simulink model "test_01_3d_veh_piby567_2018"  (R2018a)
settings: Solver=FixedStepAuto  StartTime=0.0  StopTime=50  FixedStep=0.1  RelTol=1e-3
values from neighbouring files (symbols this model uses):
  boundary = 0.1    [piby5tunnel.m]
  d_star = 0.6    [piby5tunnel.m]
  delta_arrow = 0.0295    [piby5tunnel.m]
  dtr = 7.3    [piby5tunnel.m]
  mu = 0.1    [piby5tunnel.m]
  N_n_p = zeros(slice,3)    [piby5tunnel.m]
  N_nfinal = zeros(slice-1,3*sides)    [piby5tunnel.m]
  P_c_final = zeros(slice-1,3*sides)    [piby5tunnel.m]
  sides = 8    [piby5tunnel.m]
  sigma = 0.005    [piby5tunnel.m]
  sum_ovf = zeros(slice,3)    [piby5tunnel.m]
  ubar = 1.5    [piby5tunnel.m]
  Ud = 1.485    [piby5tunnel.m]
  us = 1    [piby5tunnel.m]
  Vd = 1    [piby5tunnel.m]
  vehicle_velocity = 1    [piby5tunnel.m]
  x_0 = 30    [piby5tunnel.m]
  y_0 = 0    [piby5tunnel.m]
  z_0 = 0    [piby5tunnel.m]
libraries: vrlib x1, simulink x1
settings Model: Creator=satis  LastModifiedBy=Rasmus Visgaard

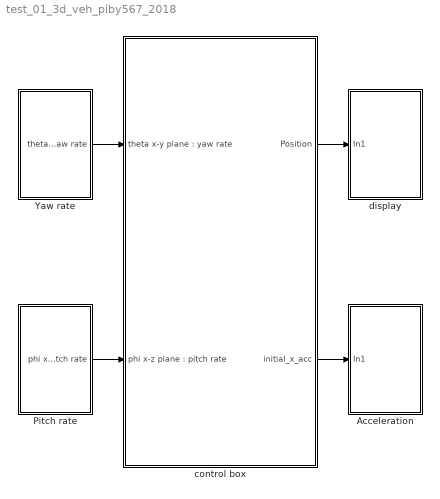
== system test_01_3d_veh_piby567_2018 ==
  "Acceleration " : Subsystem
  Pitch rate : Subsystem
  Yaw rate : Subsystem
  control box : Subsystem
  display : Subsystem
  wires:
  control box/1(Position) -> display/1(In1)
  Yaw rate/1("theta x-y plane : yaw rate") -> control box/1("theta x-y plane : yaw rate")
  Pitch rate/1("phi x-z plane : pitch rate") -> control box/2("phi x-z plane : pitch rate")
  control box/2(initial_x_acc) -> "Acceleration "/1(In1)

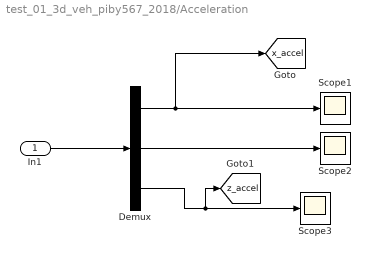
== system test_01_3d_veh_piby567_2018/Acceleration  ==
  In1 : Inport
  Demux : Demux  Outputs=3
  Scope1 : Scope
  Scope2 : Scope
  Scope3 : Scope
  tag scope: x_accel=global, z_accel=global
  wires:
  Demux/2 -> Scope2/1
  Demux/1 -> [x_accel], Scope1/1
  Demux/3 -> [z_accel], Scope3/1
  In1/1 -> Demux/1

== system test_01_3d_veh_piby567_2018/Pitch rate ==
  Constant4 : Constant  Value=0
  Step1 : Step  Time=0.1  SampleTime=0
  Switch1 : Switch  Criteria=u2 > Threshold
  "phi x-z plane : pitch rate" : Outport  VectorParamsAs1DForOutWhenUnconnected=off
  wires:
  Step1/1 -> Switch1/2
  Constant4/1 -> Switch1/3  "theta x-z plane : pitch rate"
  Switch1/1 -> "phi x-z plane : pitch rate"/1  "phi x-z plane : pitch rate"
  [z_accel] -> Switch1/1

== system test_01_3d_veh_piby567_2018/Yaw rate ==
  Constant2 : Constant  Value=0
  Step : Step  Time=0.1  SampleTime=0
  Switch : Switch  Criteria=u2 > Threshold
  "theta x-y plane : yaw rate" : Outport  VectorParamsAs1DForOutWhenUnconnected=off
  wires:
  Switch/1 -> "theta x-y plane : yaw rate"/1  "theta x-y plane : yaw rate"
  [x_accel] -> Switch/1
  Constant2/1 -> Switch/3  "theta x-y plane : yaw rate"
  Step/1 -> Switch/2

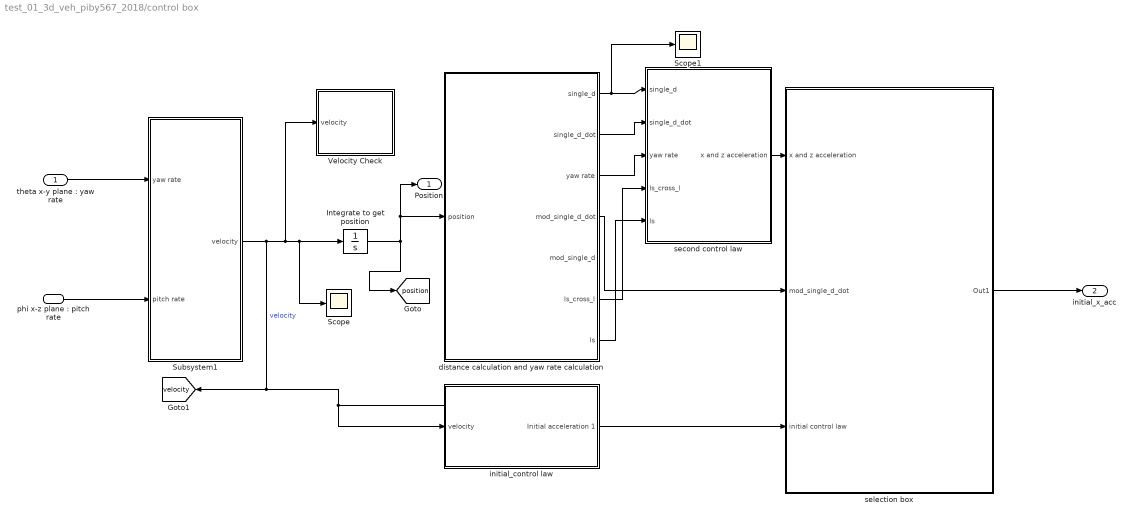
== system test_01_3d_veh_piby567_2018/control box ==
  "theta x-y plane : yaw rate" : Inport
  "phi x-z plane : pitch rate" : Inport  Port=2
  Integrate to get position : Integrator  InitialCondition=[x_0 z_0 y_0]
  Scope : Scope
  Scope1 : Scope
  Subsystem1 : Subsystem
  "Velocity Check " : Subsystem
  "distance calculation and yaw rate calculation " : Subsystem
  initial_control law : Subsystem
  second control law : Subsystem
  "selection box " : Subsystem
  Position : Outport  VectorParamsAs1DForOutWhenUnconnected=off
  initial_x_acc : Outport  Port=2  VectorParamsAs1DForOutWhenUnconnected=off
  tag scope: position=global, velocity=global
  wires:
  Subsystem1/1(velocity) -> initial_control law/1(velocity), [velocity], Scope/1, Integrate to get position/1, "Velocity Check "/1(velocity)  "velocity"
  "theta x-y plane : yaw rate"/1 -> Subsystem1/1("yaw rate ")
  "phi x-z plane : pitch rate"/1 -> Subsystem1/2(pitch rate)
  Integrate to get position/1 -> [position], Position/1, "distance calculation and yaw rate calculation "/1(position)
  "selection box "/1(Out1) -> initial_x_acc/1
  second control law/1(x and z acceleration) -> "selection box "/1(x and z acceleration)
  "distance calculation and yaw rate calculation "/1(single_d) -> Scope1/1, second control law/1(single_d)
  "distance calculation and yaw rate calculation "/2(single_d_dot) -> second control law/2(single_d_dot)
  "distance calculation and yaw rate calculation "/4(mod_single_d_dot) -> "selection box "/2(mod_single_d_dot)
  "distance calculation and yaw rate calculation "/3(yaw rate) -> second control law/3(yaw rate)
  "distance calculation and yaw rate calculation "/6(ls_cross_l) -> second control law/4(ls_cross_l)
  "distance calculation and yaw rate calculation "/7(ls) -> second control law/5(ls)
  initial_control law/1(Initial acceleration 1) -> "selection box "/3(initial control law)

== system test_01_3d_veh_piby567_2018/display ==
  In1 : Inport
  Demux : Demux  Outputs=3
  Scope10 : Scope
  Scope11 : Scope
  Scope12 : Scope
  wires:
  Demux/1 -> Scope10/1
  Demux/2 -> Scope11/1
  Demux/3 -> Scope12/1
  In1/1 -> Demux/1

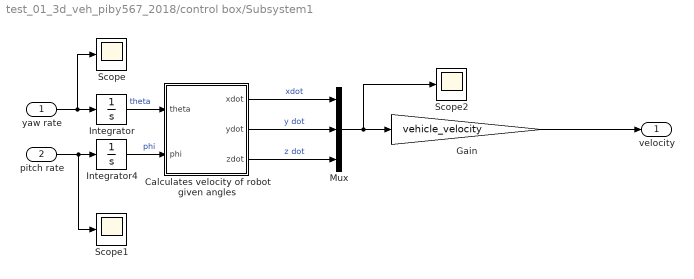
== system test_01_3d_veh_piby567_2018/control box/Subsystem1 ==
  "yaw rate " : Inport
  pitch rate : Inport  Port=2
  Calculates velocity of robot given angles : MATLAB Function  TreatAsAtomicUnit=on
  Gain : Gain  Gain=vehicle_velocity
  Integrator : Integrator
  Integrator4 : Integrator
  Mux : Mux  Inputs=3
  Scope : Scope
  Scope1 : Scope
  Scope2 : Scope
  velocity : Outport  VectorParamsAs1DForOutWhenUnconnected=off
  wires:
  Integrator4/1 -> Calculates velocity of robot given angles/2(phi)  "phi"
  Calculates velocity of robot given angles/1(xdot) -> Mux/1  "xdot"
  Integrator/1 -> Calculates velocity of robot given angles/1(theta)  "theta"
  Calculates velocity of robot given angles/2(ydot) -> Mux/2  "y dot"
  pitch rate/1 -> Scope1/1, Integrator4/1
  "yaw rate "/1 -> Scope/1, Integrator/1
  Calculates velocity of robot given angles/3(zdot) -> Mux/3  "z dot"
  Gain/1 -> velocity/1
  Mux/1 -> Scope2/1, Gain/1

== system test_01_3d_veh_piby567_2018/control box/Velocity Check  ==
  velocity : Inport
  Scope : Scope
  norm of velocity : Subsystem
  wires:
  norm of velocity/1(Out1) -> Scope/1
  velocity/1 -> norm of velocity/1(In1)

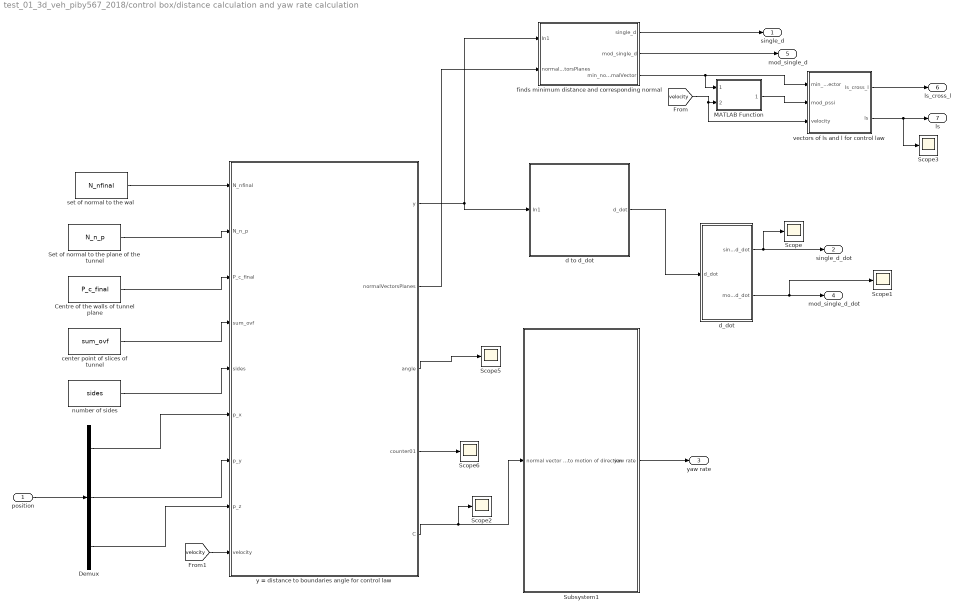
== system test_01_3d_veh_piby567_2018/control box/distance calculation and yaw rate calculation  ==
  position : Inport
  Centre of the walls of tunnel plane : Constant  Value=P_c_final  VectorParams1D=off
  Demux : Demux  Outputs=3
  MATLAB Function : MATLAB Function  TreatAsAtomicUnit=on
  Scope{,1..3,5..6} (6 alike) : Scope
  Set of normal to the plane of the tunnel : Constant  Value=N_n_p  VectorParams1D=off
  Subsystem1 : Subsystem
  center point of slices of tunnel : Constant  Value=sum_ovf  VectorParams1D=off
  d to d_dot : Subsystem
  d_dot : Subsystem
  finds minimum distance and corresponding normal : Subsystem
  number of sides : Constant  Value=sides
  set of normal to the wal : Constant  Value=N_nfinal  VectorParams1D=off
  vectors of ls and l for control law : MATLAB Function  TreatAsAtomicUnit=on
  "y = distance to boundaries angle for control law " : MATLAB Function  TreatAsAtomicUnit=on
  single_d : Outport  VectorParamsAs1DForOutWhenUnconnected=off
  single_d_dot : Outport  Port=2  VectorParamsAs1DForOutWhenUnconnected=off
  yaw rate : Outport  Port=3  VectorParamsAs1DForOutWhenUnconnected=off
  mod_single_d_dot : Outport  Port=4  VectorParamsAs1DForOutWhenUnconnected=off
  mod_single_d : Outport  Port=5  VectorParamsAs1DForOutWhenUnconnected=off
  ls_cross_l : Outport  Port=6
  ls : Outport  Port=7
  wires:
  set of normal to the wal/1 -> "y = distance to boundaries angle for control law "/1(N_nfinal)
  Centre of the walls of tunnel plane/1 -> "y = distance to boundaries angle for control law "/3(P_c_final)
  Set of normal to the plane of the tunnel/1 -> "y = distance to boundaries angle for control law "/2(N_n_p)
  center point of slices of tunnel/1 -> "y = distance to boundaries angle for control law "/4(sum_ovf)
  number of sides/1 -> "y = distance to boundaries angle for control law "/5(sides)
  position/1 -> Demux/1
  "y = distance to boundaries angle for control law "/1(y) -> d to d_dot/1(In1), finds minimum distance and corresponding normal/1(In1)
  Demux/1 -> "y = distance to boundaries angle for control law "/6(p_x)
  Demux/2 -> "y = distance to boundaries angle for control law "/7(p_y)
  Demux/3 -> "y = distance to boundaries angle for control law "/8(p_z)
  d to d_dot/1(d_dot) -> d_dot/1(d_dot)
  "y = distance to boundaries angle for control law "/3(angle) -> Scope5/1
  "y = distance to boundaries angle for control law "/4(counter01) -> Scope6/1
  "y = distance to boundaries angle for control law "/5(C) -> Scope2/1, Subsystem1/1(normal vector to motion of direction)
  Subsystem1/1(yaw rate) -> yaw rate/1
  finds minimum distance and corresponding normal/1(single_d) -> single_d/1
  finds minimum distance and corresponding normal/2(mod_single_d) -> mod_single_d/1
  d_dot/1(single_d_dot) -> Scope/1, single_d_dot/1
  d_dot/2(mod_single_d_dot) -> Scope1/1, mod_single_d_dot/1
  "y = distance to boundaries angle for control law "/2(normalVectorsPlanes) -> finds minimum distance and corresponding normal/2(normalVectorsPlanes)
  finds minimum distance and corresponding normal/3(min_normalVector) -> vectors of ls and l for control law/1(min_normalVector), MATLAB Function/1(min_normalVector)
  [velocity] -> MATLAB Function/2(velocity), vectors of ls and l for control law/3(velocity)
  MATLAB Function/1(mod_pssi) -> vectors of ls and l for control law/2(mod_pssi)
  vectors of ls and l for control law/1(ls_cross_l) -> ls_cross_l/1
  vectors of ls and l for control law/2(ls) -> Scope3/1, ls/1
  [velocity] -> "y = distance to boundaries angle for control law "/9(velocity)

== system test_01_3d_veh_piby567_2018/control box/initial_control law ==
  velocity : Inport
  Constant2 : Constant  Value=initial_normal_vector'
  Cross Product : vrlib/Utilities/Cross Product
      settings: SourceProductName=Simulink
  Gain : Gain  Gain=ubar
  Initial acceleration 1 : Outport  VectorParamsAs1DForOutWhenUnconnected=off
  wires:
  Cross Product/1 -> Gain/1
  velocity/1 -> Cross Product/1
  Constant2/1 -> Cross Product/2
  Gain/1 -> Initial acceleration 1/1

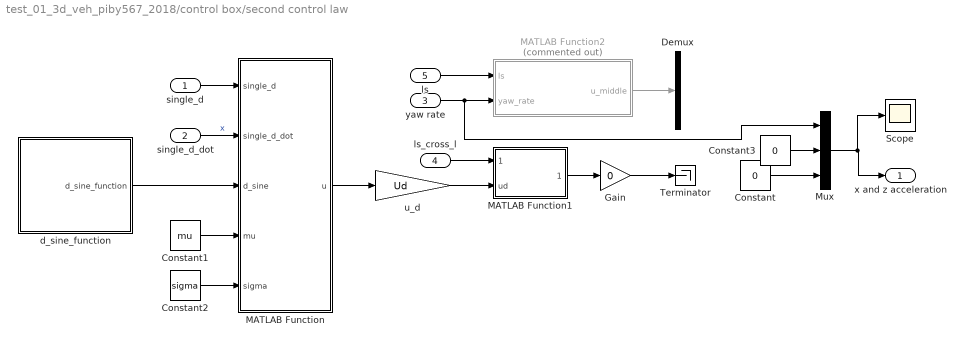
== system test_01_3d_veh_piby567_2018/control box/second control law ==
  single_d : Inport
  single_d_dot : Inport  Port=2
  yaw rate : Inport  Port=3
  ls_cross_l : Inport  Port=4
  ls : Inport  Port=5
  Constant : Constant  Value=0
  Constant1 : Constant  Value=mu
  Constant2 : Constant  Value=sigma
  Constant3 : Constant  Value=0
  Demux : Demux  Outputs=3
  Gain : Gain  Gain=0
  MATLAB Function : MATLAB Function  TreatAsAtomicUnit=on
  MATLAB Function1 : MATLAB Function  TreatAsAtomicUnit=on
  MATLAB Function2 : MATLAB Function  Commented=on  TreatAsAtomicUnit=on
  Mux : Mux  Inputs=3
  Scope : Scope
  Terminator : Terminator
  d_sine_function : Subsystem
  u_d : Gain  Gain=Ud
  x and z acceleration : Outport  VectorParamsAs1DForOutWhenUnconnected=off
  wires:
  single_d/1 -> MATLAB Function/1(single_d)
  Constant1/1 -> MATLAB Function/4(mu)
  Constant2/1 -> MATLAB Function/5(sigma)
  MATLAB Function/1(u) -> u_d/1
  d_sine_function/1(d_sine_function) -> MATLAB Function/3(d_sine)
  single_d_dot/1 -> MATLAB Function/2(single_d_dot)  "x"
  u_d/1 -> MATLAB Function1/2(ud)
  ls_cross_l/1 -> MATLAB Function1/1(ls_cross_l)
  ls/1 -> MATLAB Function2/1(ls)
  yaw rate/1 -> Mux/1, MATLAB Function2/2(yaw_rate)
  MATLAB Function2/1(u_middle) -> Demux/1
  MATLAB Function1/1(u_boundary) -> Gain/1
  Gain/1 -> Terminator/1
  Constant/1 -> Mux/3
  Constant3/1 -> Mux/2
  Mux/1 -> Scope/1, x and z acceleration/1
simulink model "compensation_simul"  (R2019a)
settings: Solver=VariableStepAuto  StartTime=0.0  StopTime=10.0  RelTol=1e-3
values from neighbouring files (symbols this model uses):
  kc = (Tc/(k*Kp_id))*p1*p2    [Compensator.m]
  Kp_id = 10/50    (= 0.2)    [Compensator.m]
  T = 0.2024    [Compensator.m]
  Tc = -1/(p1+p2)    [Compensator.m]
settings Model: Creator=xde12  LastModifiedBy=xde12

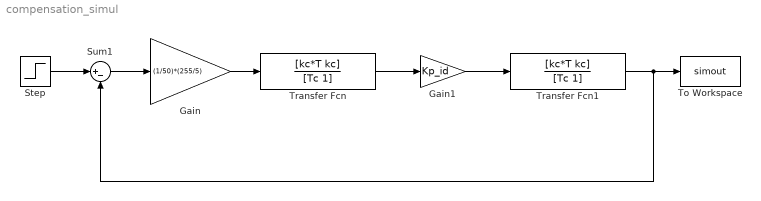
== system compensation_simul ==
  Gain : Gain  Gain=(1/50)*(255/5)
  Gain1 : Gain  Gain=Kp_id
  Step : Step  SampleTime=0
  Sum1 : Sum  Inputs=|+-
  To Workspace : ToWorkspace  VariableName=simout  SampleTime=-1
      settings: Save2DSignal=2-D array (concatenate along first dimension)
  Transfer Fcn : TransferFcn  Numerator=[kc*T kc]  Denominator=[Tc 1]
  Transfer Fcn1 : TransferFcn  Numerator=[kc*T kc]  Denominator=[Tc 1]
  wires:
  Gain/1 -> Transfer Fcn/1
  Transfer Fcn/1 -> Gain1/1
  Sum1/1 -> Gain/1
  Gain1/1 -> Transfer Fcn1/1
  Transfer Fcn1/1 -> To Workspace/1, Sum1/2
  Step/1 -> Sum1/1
==============================
EXERCISE DETAILS:
From the data, pick out every line that includes "SampleTime".

WRITTEN SOLUTION:
  Step1 : Step  Time=0.1  SampleTime=0
  Step : Step  Time=0.1  SampleTime=0
  Step : Step  SampleTime=0
  To Workspace : ToWorkspace  VariableName=simout  SampleTime=-1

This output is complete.